[DIRECTIONS] Among the lines below, a stretch begins at the one with "#27=AXIS2_PLACEMENT_3D('',#24,#25,#26);" and ends at the one with "#45=FACE_BOUND('',#44,.T.);". Repeat that stretch exactly, ends included.

[DATA SUPPLIED]
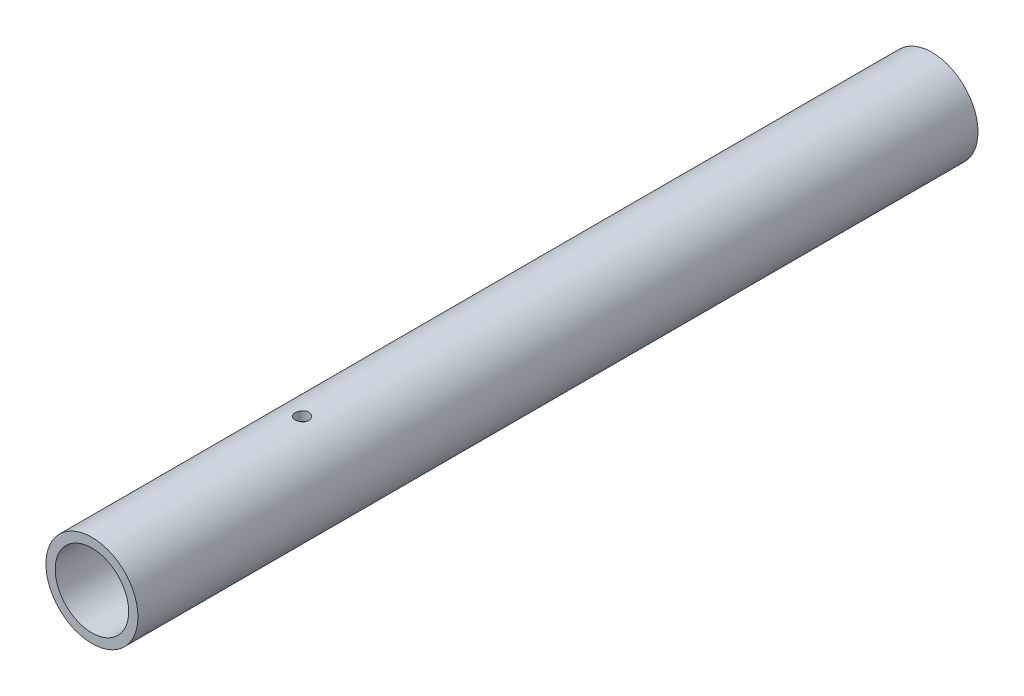
ISO-10303-21;
HEADER;
FILE_DESCRIPTION(('STEP AP214'),'2;1');
FILE_NAME('part.step','',(''),(''),'','','');
FILE_SCHEMA(('AUTOMOTIVE_DESIGN { 1 0 10303 214 1 1 1 1 }'));
ENDSEC;
DATA;
#1=APPLICATION_CONTEXT('core data for automotive mechanical design processes');
#2=APPLICATION_PROTOCOL_DEFINITION('international standard','automotive_design',2000,#1);
#3=PRODUCT_CONTEXT('',#1,'mechanical');
#4=PRODUCT('Part','Part','',(#3));
#5=PRODUCT_RELATED_PRODUCT_CATEGORY('part','',(#4));
#6=PRODUCT_DEFINITION_FORMATION('','',#4);
#7=PRODUCT_DEFINITION_CONTEXT('part definition',#1,'design');
#8=PRODUCT_DEFINITION('design','',#6,#7);
#9=PRODUCT_DEFINITION_SHAPE('','',#8);
#10=(LENGTH_UNIT() NAMED_UNIT(*) SI_UNIT(.MILLI.,.METRE.));
#11=(NAMED_UNIT(*) PLANE_ANGLE_UNIT() SI_UNIT($,.RADIAN.));
#12=(NAMED_UNIT(*) SI_UNIT($,.STERADIAN.) SOLID_ANGLE_UNIT());
#13=UNCERTAINTY_MEASURE_WITH_UNIT(LENGTH_MEASURE(1.E-05),#10,'distance_accuracy_value','');
#14=(GEOMETRIC_REPRESENTATION_CONTEXT(3) GLOBAL_UNCERTAINTY_ASSIGNED_CONTEXT((#13)) GLOBAL_UNIT_ASSIGNED_CONTEXT((#10,
#11,#12)) REPRESENTATION_CONTEXT('',''));
#15=CARTESIAN_POINT('',(0.,0.,0.));
#16=DIRECTION('',(0.,0.,1.));
#17=DIRECTION('',(1.,0.,0.));
#18=AXIS2_PLACEMENT_3D('',#15,#16,#17);
#19=CARTESIAN_POINT('',(-21.082,21.082,-304.8));
#20=DIRECTION('',(0.,0.,1.));
#21=DIRECTION('',(1.,0.,0.));
#22=AXIS2_PLACEMENT_3D('',#19,#20,#21);
#23=CYLINDRICAL_SURFACE('',#22,13.335);
#24=CARTESIAN_POINT('',(-21.082,21.082,-304.8));
#25=DIRECTION('',(0.,0.,1.));
#26=DIRECTION('',(1.,0.,0.));
#27=AXIS2_PLACEMENT_3D('',#24,#25,#26);
#28=CIRCLE('',#27,13.335);
#29=CARTESIAN_POINT('',(-7.747,21.082,-304.8));
#30=VERTEX_POINT('',#29);
#31=EDGE_CURVE('E24',#30,#30,#28,.T.);
#32=ORIENTED_EDGE('',*,*,#31,.F.);
#33=EDGE_LOOP('',(#32));
#34=FACE_BOUND('',#33,.T.);
#35=CARTESIAN_POINT('',(-21.082,21.082,0.));
#36=DIRECTION('',(0.,0.,1.));
#37=DIRECTION('',(1.,0.,0.));
#38=AXIS2_PLACEMENT_3D('',#35,#36,#37);
#39=CIRCLE('',#38,13.335);
#40=CARTESIAN_POINT('',(-7.747,21.082,0.));
#41=VERTEX_POINT('',#40);
#42=EDGE_CURVE('E38',#41,#41,#39,.T.);
#43=ORIENTED_EDGE('',*,*,#42,.T.);
#44=EDGE_LOOP('',(#43));
#45=FACE_BOUND('',#44,.T.);
#46=CARTESIAN_POINT('',(-21.082,7.747,-78.65745));
#47=CARTESIAN_POINT('',(-21.2187948592161,7.74700246138851,-78.6574447279434));
#48=CARTESIAN_POINT('',(-21.3556588089519,7.74912669516432,-78.6459892993906));
#49=CARTESIAN_POINT('',(-21.6255328892023,7.75739597096117,-78.6004980658493));
#50=CARTESIAN_POINT('',(-21.7585396182342,7.7635444555255,-78.5664429276031));
#51=CARTESIAN_POINT('',(-22.0167570063155,7.77917414800193,-78.4768280336677));
#52=CARTESIAN_POINT('',(-22.1419744849863,7.78865239090288,-78.4212874054762));
#53=CARTESIAN_POINT('',(-22.381301289392,7.80990543665334,-78.2903317601848));
#54=CARTESIAN_POINT('',(-22.4954115725284,7.82168004130124,-78.2149184581211));
#55=CARTESIAN_POINT('',(-22.7106192126991,7.84637781056411,-78.0454303196822));
#56=CARTESIAN_POINT('',(-22.8115692501581,7.8593116256834,-77.951169956784));
#57=CARTESIAN_POINT('',(-22.9963166393543,7.88479065235194,-77.7470625447916));
#58=CARTESIAN_POINT('',(-23.0801127842092,7.89733583650594,-77.6372143999206));
#59=CARTESIAN_POINT('',(-23.2287828884571,7.92072063313501,-77.4040131424123));
#60=CARTESIAN_POINT('',(-23.2935076576815,7.93154650780949,-77.2805634196347));
#61=CARTESIAN_POINT('',(-23.4012428236667,7.95011721664654,-77.0243098271869));
#62=CARTESIAN_POINT('',(-23.4442550265487,7.95786230706729,-76.8915067366076));
#63=CARTESIAN_POINT('',(-23.5068726758867,7.96928749596631,-76.6218902281098));
#64=CARTESIAN_POINT('',(-23.5267346384497,7.97301210848251,-76.4851383087179));
#65=CARTESIAN_POINT('',(-23.5432840700824,7.97610890094767,-76.2101961493011));
#66=CARTESIAN_POINT('',(-23.539973545933,7.97548145779287,-76.0720060348617));
#67=CARTESIAN_POINT('',(-23.5104801303221,7.96998557897495,-75.799964179379));
#68=CARTESIAN_POINT('',(-23.4845883521836,7.96517112371681,-75.6660796260605));
#69=CARTESIAN_POINT('',(-23.4111256016635,7.95192842897875,-75.4045878086399));
#70=CARTESIAN_POINT('',(-23.3635537365083,7.94350004067998,-75.2769808032834));
#71=CARTESIAN_POINT('',(-23.2477948262212,7.9239224125834,-75.0308114131764));
#72=CARTESIAN_POINT('',(-23.1794896961569,7.91275766005443,-74.9123058414145));
#73=CARTESIAN_POINT('',(-23.0242867525056,7.88897562685651,-74.6883284705087));
#74=CARTESIAN_POINT('',(-22.9373871140764,7.8763582036804,-74.5828579522129));
#75=CARTESIAN_POINT('',(-22.7458896784635,7.85085696289075,-74.3862621178351));
#76=CARTESIAN_POINT('',(-22.6410427550772,7.83797201270355,-74.2953794399826));
#77=CARTESIAN_POINT('',(-22.41746202952,7.81356408713008,-74.1324569100719));
#78=CARTESIAN_POINT('',(-22.2987280969616,7.8020411245338,-74.0604172349544));
#79=CARTESIAN_POINT('',(-22.0504947125879,7.78163342130704,-73.9371921300755));
#80=CARTESIAN_POINT('',(-21.920982766617,7.77275179868147,-73.8860313207487));
#81=CARTESIAN_POINT('',(-21.6550032946867,7.75865171938389,-73.8062582619009));
#82=CARTESIAN_POINT('',(-21.5185364836401,7.75343288701331,-73.7776436997364));
#83=CARTESIAN_POINT('',(-21.2446091877513,7.74729783901729,-73.7441117004924));
#84=CARTESIAN_POINT('',(-21.1071907192645,7.74632124742975,-73.7388617100524));
#85=CARTESIAN_POINT('',(-20.8334392593011,7.74861416766826,-73.7513167205142));
#86=CARTESIAN_POINT('',(-20.6971062166863,7.7518834782499,-73.7690206334622));
#87=CARTESIAN_POINT('',(-20.4304459559282,7.76226330061286,-73.8266043891773));
#88=CARTESIAN_POINT('',(-20.300081297479,7.76934475525787,-73.8663165461128));
#89=CARTESIAN_POINT('',(-20.0478602705809,7.78655813545782,-73.9666084838202));
#90=CARTESIAN_POINT('',(-19.9260044650044,7.79669026258393,-74.0271896435356));
#91=CARTESIAN_POINT('',(-19.6928368291016,7.81903165684358,-74.1682400760522));
#92=CARTESIAN_POINT('',(-19.5816504065329,7.83126179610768,-74.248913284951));
#93=CARTESIAN_POINT('',(-19.3742741582703,7.85638739771225,-74.4275811070687));
#94=CARTESIAN_POINT('',(-19.2780856835404,7.86928291984906,-74.5255772789865));
#95=CARTESIAN_POINT('',(-19.1021770879758,7.89448536944479,-74.737612622083));
#96=CARTESIAN_POINT('',(-19.0226835622907,7.90678264811425,-74.8518411170566));
#97=CARTESIAN_POINT('',(-18.884012814721,7.9292044022091,-75.0922256851818));
#98=CARTESIAN_POINT('',(-18.8248348539643,7.93932895665093,-75.2183813243332));
#99=CARTESIAN_POINT('',(-18.7287992161255,7.95618372699651,-75.4784544261316));
#100=CARTESIAN_POINT('',(-18.6918362442675,7.96292992983026,-75.6123319229694));
#101=CARTESIAN_POINT('',(-18.6409539378688,7.97230128953629,-75.8845325906455));
#102=CARTESIAN_POINT('',(-18.6270321017495,7.97492689378079,-76.0228552772066));
#103=CARTESIAN_POINT('',(-18.6227087345663,7.97573762670359,-76.2977513116025));
#104=CARTESIAN_POINT('',(-18.6319499077541,7.97399021106364,-76.4343189696051));
#105=CARTESIAN_POINT('',(-18.6729095536375,7.96640108859698,-76.7039189568548));
#106=CARTESIAN_POINT('',(-18.7046279027573,7.96055940427989,-76.8369513055343));
#107=CARTESIAN_POINT('',(-18.7894929713541,7.94546792055123,-77.095520882158));
#108=CARTESIAN_POINT('',(-18.8426022740794,7.93622407457414,-77.2210707603868));
#109=CARTESIAN_POINT('',(-18.9687030161139,7.91536537861531,-77.4615353759613));
#110=CARTESIAN_POINT('',(-19.0416957937877,7.90375036904277,-77.5764493967054));
#111=CARTESIAN_POINT('',(-19.2067390170938,7.87924794172376,-77.7941726100185));
#112=CARTESIAN_POINT('',(-19.2990499657535,7.86634454298404,-77.8967825650116));
#113=CARTESIAN_POINT('',(-19.499564819598,7.8408400336235,-78.0851756099915));
#114=CARTESIAN_POINT('',(-19.6077723720986,7.8282389931497,-78.1709548277576));
#115=CARTESIAN_POINT('',(-19.8381294068908,7.80463131293529,-78.3239426741416));
#116=CARTESIAN_POINT('',(-19.9603914244533,7.79363941269866,-78.3909841925568));
#117=CARTESIAN_POINT('',(-20.214604995074,7.77463226704775,-78.503468701982));
#118=CARTESIAN_POINT('',(-20.3465472195322,7.76661419979943,-78.5489321796519));
#119=CARTESIAN_POINT('',(-20.5794153798655,7.75611158584496,-78.6076351974588));
#120=CARTESIAN_POINT('',(-20.6789717553882,7.75271386847402,-78.6262841532356));
#121=CARTESIAN_POINT('',(-20.8796728460892,7.74815719207529,-78.6511933558369));
#122=CARTESIAN_POINT('',(-20.9808175231439,7.74699817939514,-78.6574538995599));
#123=CARTESIAN_POINT('',(-21.082,7.747,-78.65745));
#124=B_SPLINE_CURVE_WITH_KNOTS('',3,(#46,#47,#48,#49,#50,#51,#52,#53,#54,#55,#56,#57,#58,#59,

[TASK OUTPUT]
#27=AXIS2_PLACEMENT_3D('',#24,#25,#26);
#28=CIRCLE('',#27,13.335);
#29=CARTESIAN_POINT('',(-7.747,21.082,-304.8));
#30=VERTEX_POINT('',#29);
#31=EDGE_CURVE('E24',#30,#30,#28,.T.);
#32=ORIENTED_EDGE('',*,*,#31,.F.);
#33=EDGE_LOOP('',(#32));
#34=FACE_BOUND('',#33,.T.);
#35=CARTESIAN_POINT('',(-21.082,21.082,0.));
#36=DIRECTION('',(0.,0.,1.));
#37=DIRECTION('',(1.,0.,0.));
#38=AXIS2_PLACEMENT_3D('',#35,#36,#37);
#39=CIRCLE('',#38,13.335);
#40=CARTESIAN_POINT('',(-7.747,21.082,0.));
#41=VERTEX_POINT('',#40);
#42=EDGE_CURVE('E38',#41,#41,#39,.T.);
#43=ORIENTED_EDGE('',*,*,#42,.T.);
#44=EDGE_LOOP('',(#43));
#45=FACE_BOUND('',#44,.T.);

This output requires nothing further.